TASK REQUIREMENTS:
Lines with the word "汉仪长仿宋体" in them must be copied from the records below.

SUPPLIED DATA:
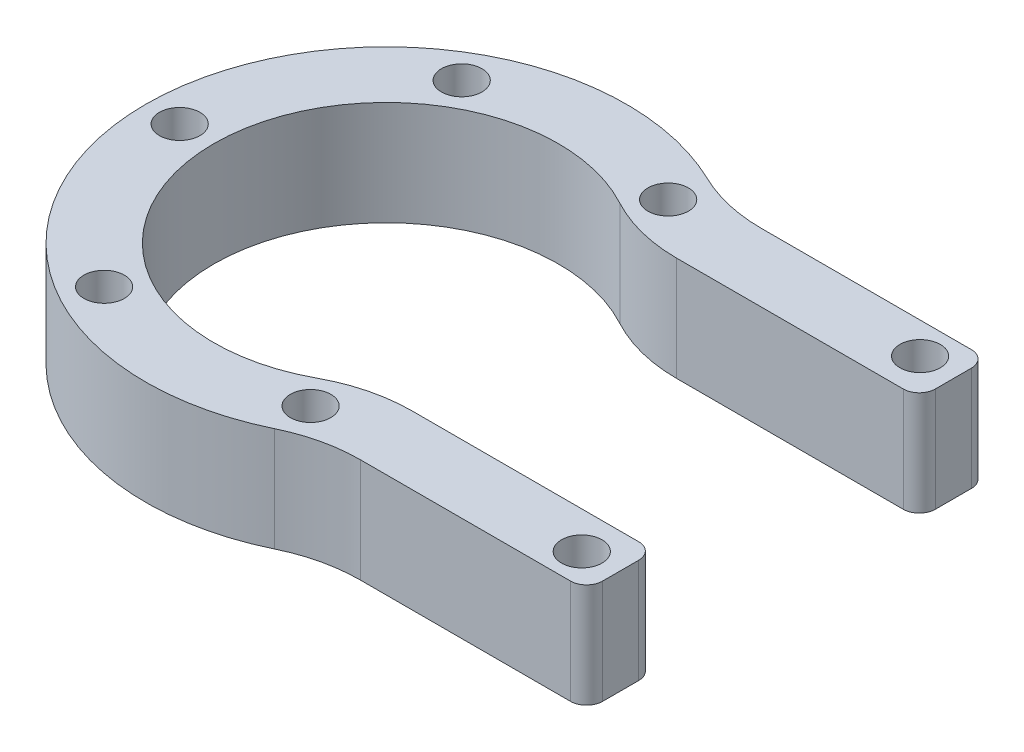
SolidWorks part; units mm, degrees
material "ABS"
ref_plane "前视基准面" through (0, 0, 0) normal (0, 0, 1) x (1, 0, 0)
ref_plane "上视基准面" through (0, 0, 0) normal (0, 1, 0) x (1, 0, 0)
ref_plane "右视基准面" through (0, 0, 0) normal (1, 0, 0) x (0, 0, -1)
other "Configuration Table"
sketch "草图1" plane through (0, 0, 0) normal (0, 1, 0) x (1, 0, 0)
  line L1 (16.5831, -25) -> (70, -25)
  line L2 (16.5831, -25) -> (16.5831, 25)
  line L3 (16.5831, 25) -> (70, 25)
  line L4 (70, -25) -> (70, 25)
  line L5 (16.5831, -25) -> (70, 25) construction
  line L6 (16.5831, 25) -> (70, -25) construction
  circle A0 centre (0, 0) radius 30
  point P3 (43.2916, 0)
  dimension "D1" = 60
  dimension "D2" = 70
  dimension "D3" = 50
extrude "凸台-拉伸1" add sketch "草图1" along normal blind 13 contours L2 A0 | L2 A0 | A0 L1 L4 L3
sketch "草图2" plane through (0, 13, 0) normal (0, 1, 0) x (1, 0, 0)
  circle A0 centre (0, 0) radius 25.75 construction
  circle A1 centre (-25.75, 0) radius 2.525
  circle A2 centre (-12.875, 22.3002) radius 2.525
  circle A3 centre (12.875, 22.3002) radius 2.525
  circle A4 centre (25.75, 0) radius 2.525
  circle A5 centre (12.875, -22.3002) radius 2.525
  circle A6 centre (-12.875, -22.3002) radius 2.525
  point P21 (0, 0)
  dimension "D1" = 51.5
  dimension "D2" = 5.05
  dimension "D3" = 6
extrude "切除-拉伸1" cut sketch "草图2" against normal through all
sketch "草图3" plane through (0, 13, 0) normal (0, 1, 0) x (1, 0, 0)
  line L6 (70, -16.5) -> (13.784, -16.5)
  line L7 (13.784, 16.5) -> (70, 16.5)
  line L8 (70, -16.5) -> (13.784, -16.5)
  line L9 (13.784, 16.5) -> (70, 16.5)
  line L10 (52, -25) -> (52, 25)
  line L11 (52, -25) -> (52, 25)
  arc A3 (13.784, 16.5) -> (13.784, -16.5) centre (0, 0) ccw
  arc A4 (13.784, 16.5) -> (13.784, -16.5) centre (0, 0) ccw
  circle M9 centre (12.875, -22.3002) radius 2.525
  dimension "D1" = 8.5
  dimension "D2" = 18
extrude "切除-拉伸2" cut sketch "草图3" against normal through all contours L9 A4 L8 L11 M9
sketch "草图4" plane through (0, 13, 0) normal (0, 1, 0) x (1, 0, 0)
  line L0 (0, 0) -> (50000, 0) construction
  circle A0 centre (45.5, 21.1) radius 2.525
  circle A1 centre (45.5, -21.1) radius 2.525
  dimension "D3" = 5.05
  dimension "D1" = 45.5
  dimension "D2" = 21.1
extrude "切除-拉伸3" cut sketch "草图4" against normal through all
sketch "草图5" plane through (0, 13, 0) normal (0, 1, 0) x (1, 0, 0)
  line L0 (16.5831, -25) -> (70, -25) construction
  line L1 (70, 25) -> (62, 25)
  line L2 (70, 25) -> (70, -25)
  line L3 (70, -25) -> (62, -25)
  line L4 (62, 25) -> (62, -25)
  dimension "D1" = 62
extrude "切除-拉伸4" cut sketch "草图5" against normal through all contours L2 L1 L4 L3
sketch "草图6" plane through (0, 13, 0) normal (0, 1, 0) x (1, 0, 0)
  line L0 (56, 5.9314) -> (56, 50005.9314) construction
  line L1 (56, 0) -> (50056, 0) construction
  circle A0 centre (56, 0) radius 1.525
  circle A1 centre (56, 15) radius 1.525
  circle A2 centre (56, -15) radius 1.525
  dimension "D2" = 3.05
  dimension "D1" = 56
  dimension "D3" = 15
extrude "切除-拉伸5" cut sketch "草图6" against normal through all
sketch "草图7" plane through (0, 13, 0) normal (0, 1, 0) x (1, 0, 0)
  line L0 (16.5831, 25) -> (62, 25) construction
  line L1 (50, 25) -> (62, 25)
  line L2 (50, 25) -> (50, -30)
  line L3 (50, -30) -> (62, -30)
  line L4 (62, 25) -> (62, -30)
  line L5 (62, 25) -> (62, -25) construction
  dimension "D1" = 55
  dimension "D2" = 12
extrude "切除-拉伸6" cut sketch "草图7" against normal through all
fillet "圆角1" radius 20 2 edges at (13.784, 6.5, 16.5) (13.784, 6.5, -16.5)
fillet "圆角2" radius 20 2 edges at (16.5831, 6.5, -25) (16.5831, 6.5, 25)
fillet "圆角3" radius 2 4 edges at (50, 6.5, -16.5) (50, 6.5, -25) (50, 6.5, 16.5) (50, 6.5, 25)
sketch "草图9" plane through (0, 0, 0) normal (1, 0, 0) x (0, 0, -1)
  text T0 "热" font "汉仪长仿宋体" height in points 22
  text T2 "我" font "汉仪长仿宋体" height in points 22
  text T5 "爱" font "汉仪长仿宋体" height in points 22
  point P6 (0, 0)
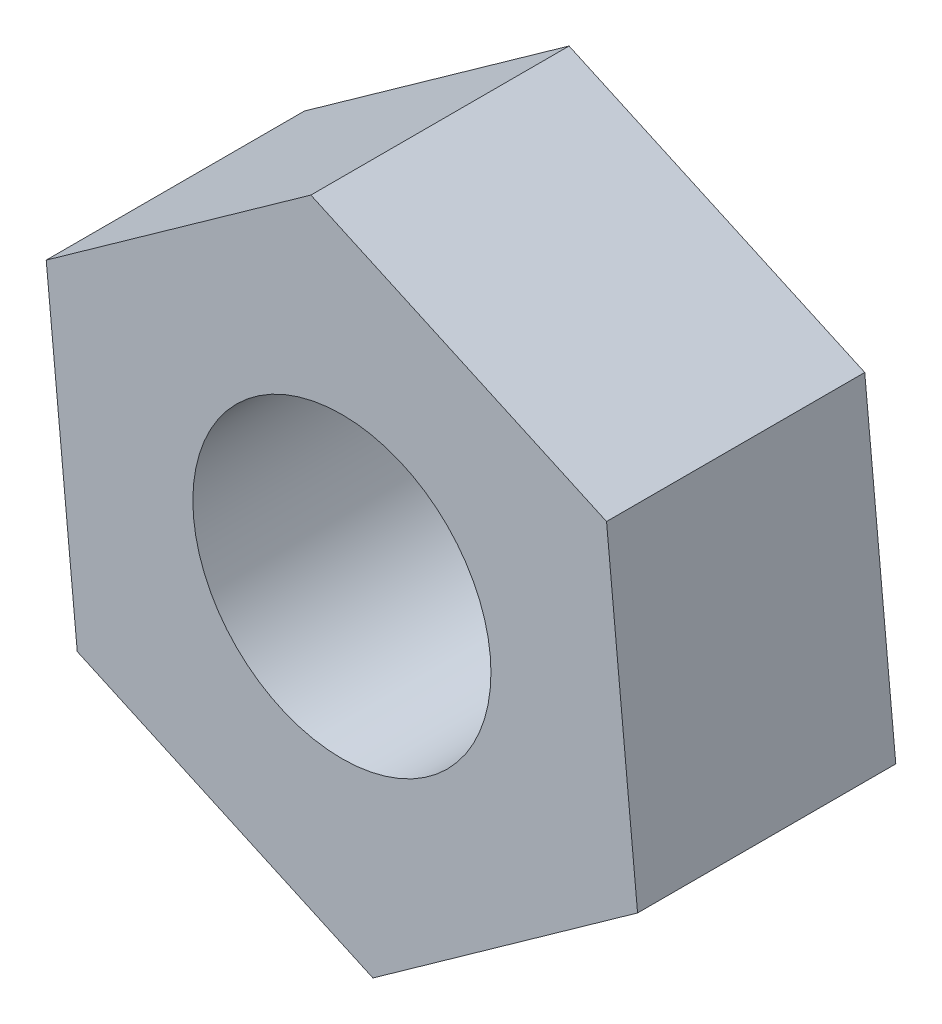
SolidWorks part; units mm, degrees
ref_plane "Front" through (0, 0, 0) normal (0, 0, 1) x (1, 0, 0)
ref_plane "Top" through (0, 0, 0) normal (0, 1, 0) x (1, 0, 0)
ref_plane "Right" through (0, 0, 0) normal (1, 0, 0) x (0, 0, -1)
sketch "Sketch1" plane through (0, 0, 0) normal (0, 0, 1) x (1, 0, 0)
  line L1 (-5.6371, -4.0179) -> (0.6611, -6.8908)
  line L2 (0.6611, -6.8908) -> (6.2981, -2.8729)
  line L3 (6.2981, -2.8729) -> (5.6371, 4.0179)
  line L4 (5.6371, 4.0179) -> (-0.6611, 6.8908)
  line L5 (-0.6611, 6.8908) -> (-6.2981, 2.8729)
  line L6 (-6.2981, 2.8729) -> (-5.6371, -4.0179)
  circle A0 centre (0, 0) radius 3.175
  circle A1 centre (0, 0) radius 5.995 construction
  dimension "D1" = 6.35
  dimension "D2" = 2.82
extrude "Boss-Extrude1" add sketch "Sketch1" along normal blind 5.5
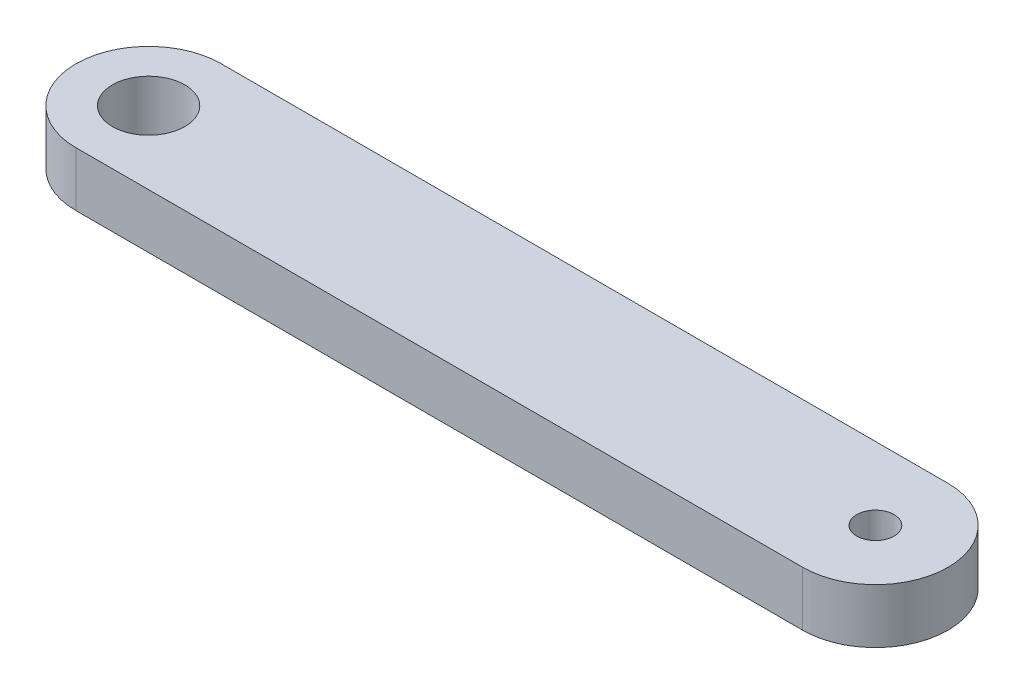
SolidWorks part; units mm, degrees
material "6061-T6 (SS)"
ref_plane "Front Plane" through (0, 0, 0) normal (0, 0, 1) x (1, 0, 0)
ref_plane "Top Plane" through (0, 0, 0) normal (0, 1, 0) x (1, 0, 0)
ref_plane "Right Plane" through (0, 0, 0) normal (1, 0, 0) x (0, 0, -1)
sketch "Sketch1" plane through (0, 0, 0) normal (0, 1, 0) x (1, 0, 0)
  line L0 (-63.5, 0) -> (0, 0) construction
  line L1 (-63.5, 6.35) -> (0, 6.35)
  line L2 (-63.5, -6.35) -> (0, -6.35)
  arc A0 (-63.5, 6.35) -> (-63.5, -6.35) centre (-63.5, 0) ccw
  arc A1 (0, -6.35) -> (0, 6.35) centre (0, 0) ccw
  point P2 (-31.75, 0)
  point P9 (-69.85, 0)
  point P10 (6.35, 0)
  dimension "D2" = 76.2
  dimension "D1" = 12.7
extrude "Boss-Extrude2" add sketch "Sketch1" along normal blind 4.7625
hole_wizard "#4 Clearance Hole1" positions "Sketch2" profile "Sketch4" hole size "#4" standard "ANSI Inch" end condition through all
sketch "Sketch2" plane through (0, 4.7625, 0) normal (0, 1, 0) x (1, 0, 0)
  point P0 (0, 0)
sketch "Sketch4" plane through (0, 4.7625, 0) normal (1, 0, 0) x (0, 0, 1)
  line L0 (0, 0) -> (0, 4.7625)
  line L1 (0, 4.7625) -> (1.6319, 4.7625)
  line L2 (1.6319, 4.7625) -> (1.6319, 0)
  line L5 (1.6319, 0) -> (0, 0)
  line L11 (0, -6.35) -> (0, 107.95) construction
  dimension "Thru Hole Dia." = 3.2639
  dimension "Thru Hole Depth" = 4.7625
sketch "Sketch5" plane through (0, 4.7625, 0) normal (0, 1, 0) x (1, 0, 0)
  circle A0 centre (-63.5, 0) radius 3.1623
  dimension "D1" = 6.3246
extrude "Cut-Extrude1" cut sketch "Sketch5" against normal through all
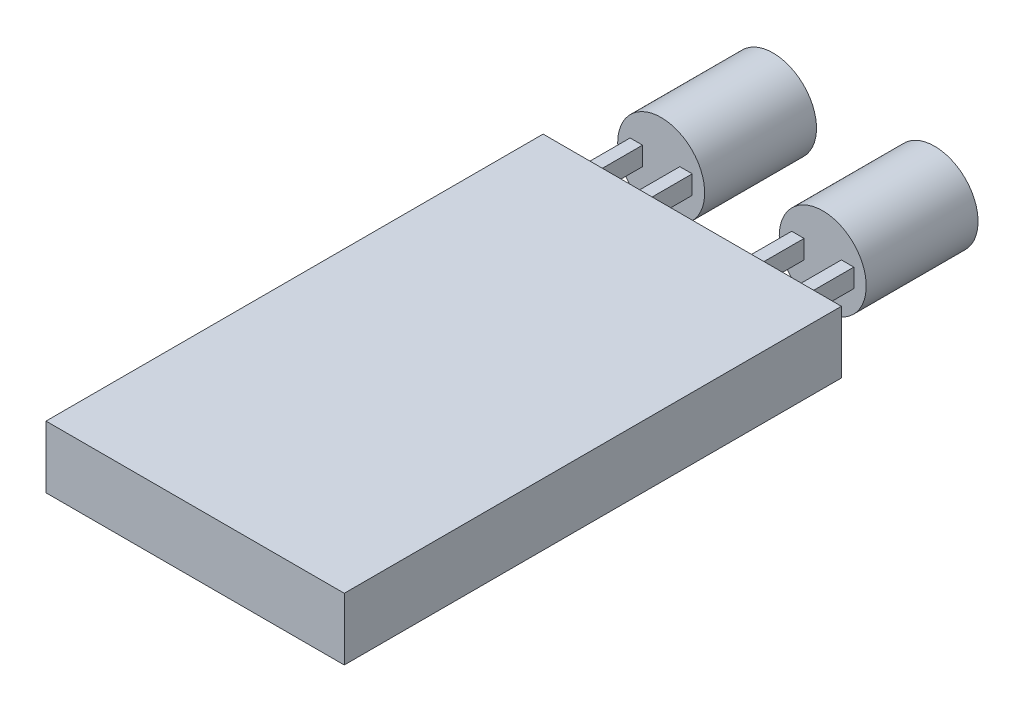
SolidWorks part; units mm, degrees
ref_plane "Front Plane" through (0, 0, 0) normal (0, 0, 1) x (1, 0, 0)
ref_plane "Top Plane" through (0, 0, 0) normal (0, 1, 0) x (1, 0, 0)
ref_plane "Right Plane" through (0, 0, 0) normal (1, 0, 0) x (0, 0, -1)
sketch "Sketch1" plane through (0, 0, 0) normal (0, 1, 0) x (1, 0, 0)
  line L1 (-24, 9.4286) -> (0, 9.4286)
  line L2 (-24, 9.4286) -> (-24, -30.5714)
  line L3 (-24, -30.5714) -> (0, -30.5714)
  line L4 (0, 9.4286) -> (0, -30.5714)
  dimension "D1" = 24
  dimension "D2" = 40
extrude "Boss-Extrude1" add sketch "Sketch1" along normal blind 5
sketch "Sketch2" plane through (0, 0, -9.4286) normal (0, 0, -1) x (-1, 0, 0)
  line L0 (0, 5) -> (0, 0) construction
  line L1 (3, 4.2295) -> (4, 4.2295)
  line L2 (3, 4.2295) -> (3, 2.7295)
  line L3 (3, 2.7295) -> (4, 2.7295)
  line L4 (4, 4.2295) -> (4, 2.7295)
  line L5 (7, 4.2295) -> (8, 4.2295)
  line L6 (7, 4.2295) -> (7, 2.7295)
  line L7 (7, 2.7295) -> (8, 2.7295)
  line L8 (8, 4.2295) -> (8, 2.7295)
  line L9 (16, 4.2295) -> (16, 2.7295)
  line L10 (16, 4.2295) -> (17, 4.2295)
  line L11 (16, 2.7295) -> (17, 2.7295)
  line L12 (17, 4.2295) -> (17, 2.7295)
  line L13 (20, 4.2295) -> (20, 2.7295)
  line L14 (20, 4.2295) -> (21, 4.2295)
  line L15 (20, 2.7295) -> (21, 2.7295)
  line L16 (21, 4.2295) -> (21, 2.7295)
  dimension "D1" = 1
  dimension "D2" = 1.5
  dimension "D3" = 1
  dimension "D4" = 1.5
  dimension "D5" = 3
  dimension "D6" = 3
  dimension "D7" = 2
extrude "Boss-Extrude2" add sketch "Sketch2" along normal blind 4
sketch "Sketch4" plane through (0, 0, -13.4286) normal (0, 0, -1) x (-1, 0, 0)
  line L0 (4, 2.7295) -> (4, 4.2295) construction
  line L1 (17, 2.7295) -> (17, 4.2295) construction
  circle A0 centre (5.5, 3.4061) radius 3.5
  circle A1 centre (18.5, 3.4061) radius 3.5
  point P4 (4, 3.4795)
  point P7 (17, 3.4795)
  dimension "D1" = 7
  dimension "D2" = 7
  dimension "D3" = 1.5
  dimension "D4" = 1.5
extrude "Boss-Extrude4" add sketch "Sketch4" along normal blind 9

YOUR SOLUTION:
  text T0 "热" font "汉仪长仿宋体" height in points 22
  text T2 "我" font "汉仪长仿宋体" height in points 22
  text T5 "爱" font "汉仪长仿宋体" height in points 22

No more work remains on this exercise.